■ TASK INSTRUCTIONS: Each line below from the one containing "Q4: NTJD1155LT1G; TRANS_NTJD1155LT1G;" through the one containing "3V3_DHT22_SM: DHT22.1_A (1), DHT22.1_B" should be output exactly as it stands, and no other line should appear.

* * * * *

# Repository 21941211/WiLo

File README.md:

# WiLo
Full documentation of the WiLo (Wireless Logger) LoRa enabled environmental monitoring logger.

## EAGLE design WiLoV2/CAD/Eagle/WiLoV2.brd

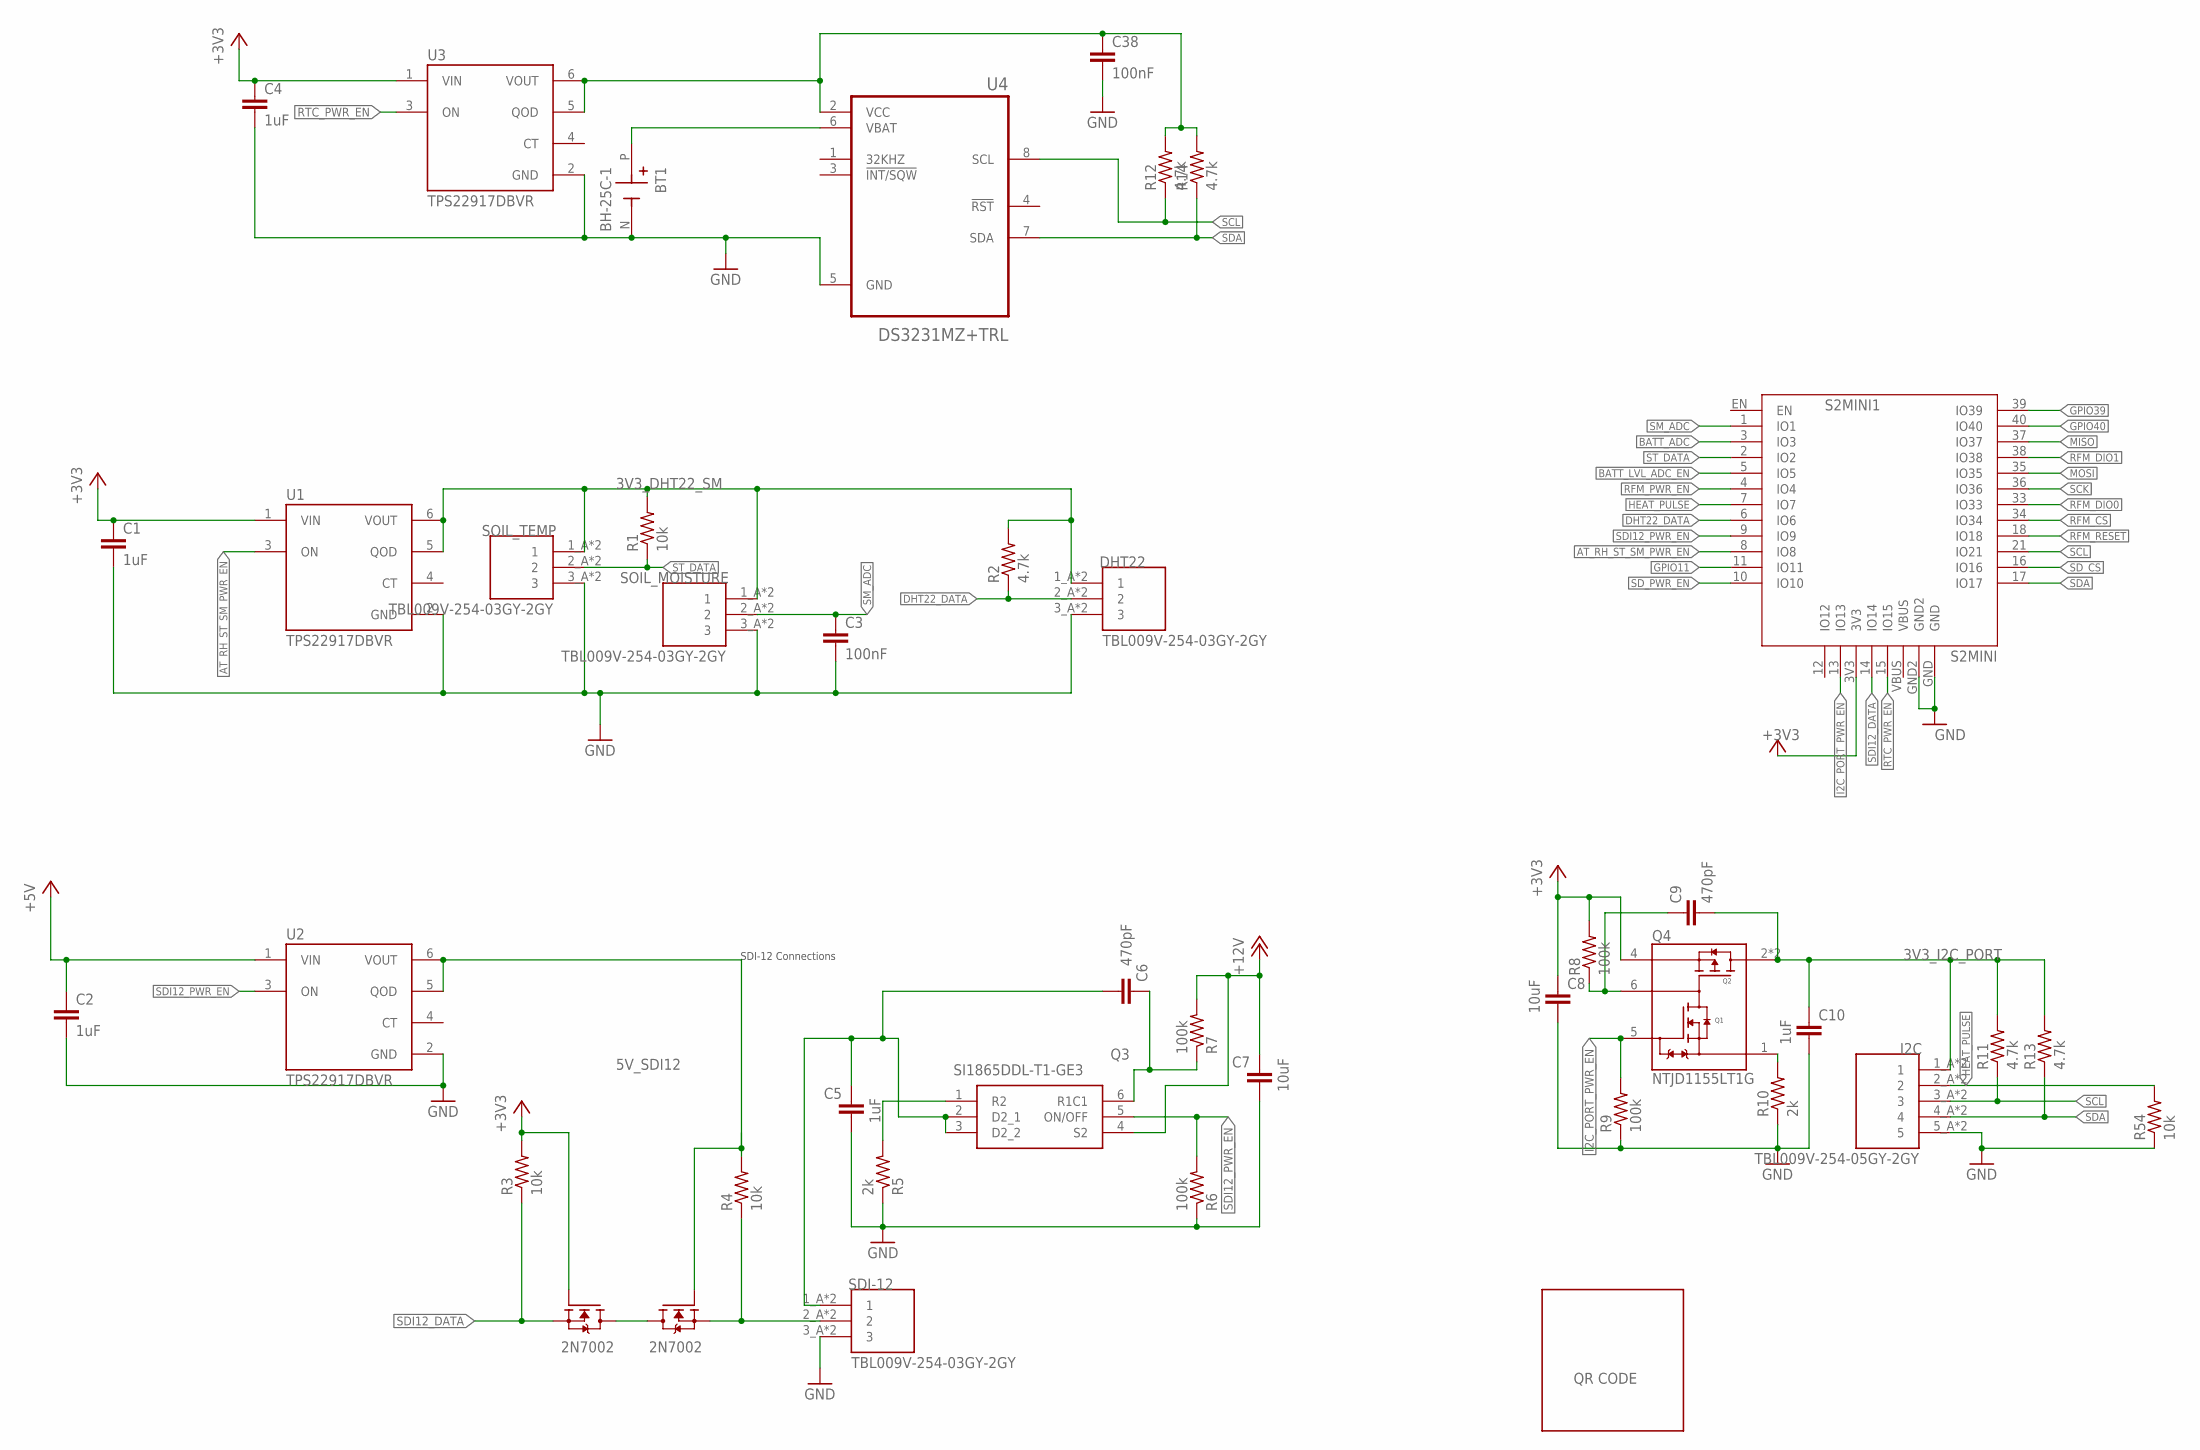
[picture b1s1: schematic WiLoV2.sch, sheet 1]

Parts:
BT1: BH-25C-1; BAT_BH-25C-1; MPN BH-25C-1
C1, C2, C4, C5, C10: 1uF; C0805; MPN CC0805KKX7R9BB105
C3, C38: 100nF; C0805; MPN KGM21NR71E104KT
C6, C9: 470pF; C0805; MPN CC0805JRNPOBBN471
C7, C8: 10uF; C0805; MPN GRM21BR61C106KE15K
DHT22: TBL009V-254-03GY-2GY; CUI_TBL009V-254-03GY-2GY; MPN TBL009V-254-03GY-2GY
I2C: TBL009V-254-05GY-2GY; CUI_TBL009V-254-05GY-2GY; MPN TBL009V-254-05GY-2GY
Q1, Q2: 2N7002; SOT95P240X111-3N; MPN 2N7002
Q3: SI1865DDL-T1-GE3; SOT65P210X110-6N; MPN SI1865DDL-T1-GE3
Q4: NTJD1155LT1G; TRANS_NTJD1155LT1G; MPN NTJD1155LT1G
QR_CODE: QR_CODE
R1, R3, R4, R54: 10k; R0603; MPN ERJ-U03F1002V
R2, R11, R12, R13, R14: 4.7k; R0603; MPN RK73G1JTTD4701C
R5, R10: 2k; R0603; MPN RC0603FR-072KL
R6, R7, R8, R9: 100k; R0603; MPN CRG0603F100K
S2MINI1: S2MINI
SDI-12: TBL009V-254-03GY-2GY; CUI_TBL009V-254-03GY-2GY; MPN TBL009V-254-03GY-2GY
SOIL_MOISTURE: TBL009V-254-03GY-2GY; CUI_TBL009V-254-03GY-2GY; MPN TBL009V-254-03GY-2GY
SOIL_TEMP: TBL009V-254-03GY-2GY; CUI_TBL009V-254-03GY-2GY; MPN TBL009V-254-03GY-2GY
U1, U2, U3: TPS22917DBVR; SOT95P280X145-6N; MPN TPS22917DBVT
U4: DS3231MZ+TRL; SOIC127P600X175-8N; MPN DS3231MZ+TRL

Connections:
3V3_DHT22_SM: DHT22.1_A (1), DHT22.1_B (1), R1.2, R2.2, SOIL_MOISTURE.1_A (1), SOIL_MOISTURE.1_B (1), SOIL_TEMP.1_A (1), SOIL_TEMP.1_B (1), U1.5 (QOD), U1.6 (VOUT)
3V3_I2C_PORT: C9.2, C10.1, I2C.1_A (1), I2C.1_B (1), Q4.2 (D2), Q4.3 (D2), R11.2, R13.2
5V_SDI12: Q2.1 (G), R4.2, U2.5 (QOD), U2.6 (VOUT)
+3V3: C1.1, C4.1, C8.1, Q1.1 (G), Q4.4 (S2), R3.2, R8.2, S2MINI1.3V3, U1.1 (VIN), U3.1 (VIN); also elsewhere on the board
+5V: C2.1, U2.1 (VIN); also elsewhere on the board
+12V: C7.1, Q3.4 (S2), R7.2; also elsewhere on the board
AT_RH_ST_SM_PWR_EN: S2MINI1.8 (IO8), U1.3 (ON)
BATT_ADC: S2MINI1.3 (IO3); also elsewhere on the board
BATT_LVL_ADC_EN: S2MINI1.5 (IO5); also elsewhere on the board
DHT22_DATA: DHT22.2_A (2), DHT22.2_B (2), R2.1, S2MINI1.6 (IO6)
GND: BT1.N, C1.2, C2.2, C3.2, C4.2, C5.2, C7.2, C8.2, C10.2, C38.2, DHT22.3_A (3), DHT22.3_B (3), I2C.5_A (5), I2C.5_B (5), R5.1, R6.1, R9.1, R10.1, R54.1, S2MINI1.GND, S2MINI1.GND2, SDI-12.3_A (3), SDI-12.3_B (3), SOIL_MOISTURE.3_A (3), SOIL_MOISTURE.3_B (3), SOIL_TEMP.3_A (3), SOIL_TEMP.3_B (3), U1.2 (GND), U2.2 (GND), U3.2 (GND), U4.5 (GND); also elsewhere on the board
GPIO11: S2MINI1.11 (IO11)
GPIO39: S2MINI1.39 (IO39)
GPIO40: S2MINI1.40 (IO40)
HEAT_PULSE: I2C.2_A (2), I2C.2_B (2), R54.2, S2MINI1.7 (IO7)
I2C_PORT_PWR_EN: Q4.5 (G1), R9.2, S2MINI1.13 (IO13)
MISO: S2MINI1.37 (IO37); also elsewhere on the board
MOSI: S2MINI1.35 (IO35); also elsewhere on the board
unnamed: Q1.3 (D), Q2.3 (D)
unnamed: C6.1, Q3.6 (R1C1), R7.1
unnamed: Q3.1 (R2), R5.2
unnamed: C9.1, Q4.6 (D1/G2), R8.1
unnamed: Q4.1 (S1), R10.2
unnamed: C5.1, C6.2, Q3.2 (D2_1), Q3.3 (D2_2), SDI-12.1_A (1), SDI-12.1_B (1)
unnamed: BT1.P, U4.6 (VBAT)
unnamed: C38.1, R12.2, R14.2, U3.5 (QOD), U3.6 (VOUT), U4.2 (VCC)
unnamed: Q2.2 (S), R4.1, SDI-12.2_A (2), SDI-12.2_B (2)
RFM_CS: S2MINI1.34 (IO34); also elsewhere on the board
RFM_DIO0: S2MINI1.33 (IO33); also elsewhere on the board
RFM_DIO1: S2MINI1.38 (IO38); also elsewhere on the board
RFM_PWR_EN: S2MINI1.4 (IO4); also elsewhere on the board
RFM_RESET: S2MINI1.18 (IO18); also elsewhere on the board
RTC_PWR_EN: S2MINI1.15 (IO15), U3.3 (ON)
SCK: S2MINI1.36 (IO36); also elsewhere on the board
SCL: I2C.3_A (3), I2C.3_B (3), R11.1, R12.1, S2MINI1.21 (IO21), U4.8 (SCL)
SDA: I2C.4_A (4), I2C.4_B (4), R13.1, R14.1, S2MINI1.17 (IO17), U4.7 (SDA)
SDI12_DATA: Q1.2 (S), R3.1, S2MINI1.14 (IO14)
SDI12_PWR_EN: Q3.5 (ON/OFF), R6.2, S2MINI1.9 (IO9), U2.3 (ON)
SD_CS: S2MINI1.16 (IO16); also elsewhere on the board
SD_PWR_EN: S2MINI1.10 (IO10); also elsewhere on the board
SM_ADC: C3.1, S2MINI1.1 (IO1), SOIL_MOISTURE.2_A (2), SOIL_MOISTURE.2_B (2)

* * * * *

■ TASK OUTPUT:
Q4: NTJD1155LT1G; TRANS_NTJD1155LT1G; MPN NTJD1155LT1G
QR_CODE: QR_CODE
R1, R3, R4, R54: 10k; R0603; MPN ERJ-U03F1002V
R2, R11, R12, R13, R14: 4.7k; R0603; MPN RK73G1JTTD4701C
R5, R10: 2k; R0603; MPN RC0603FR-072KL
R6, R7, R8, R9: 100k; R0603; MPN CRG0603F100K
S2MINI1: S2MINI
SDI-12: TBL009V-254-03GY-2GY; CUI_TBL009V-254-03GY-2GY; MPN TBL009V-254-03GY-2GY
SOIL_MOISTURE: TBL009V-254-03GY-2GY; CUI_TBL009V-254-03GY-2GY; MPN TBL009V-254-03GY-2GY
SOIL_TEMP: TBL009V-254-03GY-2GY; CUI_TBL009V-254-03GY-2GY; MPN TBL009V-254-03GY-2GY
U1, U2, U3: TPS22917DBVR; SOT95P280X145-6N; MPN TPS22917DBVT
U4: DS3231MZ+TRL; SOIC127P600X175-8N; MPN DS3231MZ+TRL

Connections:
3V3_DHT22_SM: DHT22.1_A (1), DHT22.1_B (1), R1.2, R2.2, SOIL_MOISTURE.1_A (1), SOIL_MOISTURE.1_B (1), SOIL_TEMP.1_A (1), SOIL_TEMP.1_B (1), U1.5 (QOD), U1.6 (VOUT)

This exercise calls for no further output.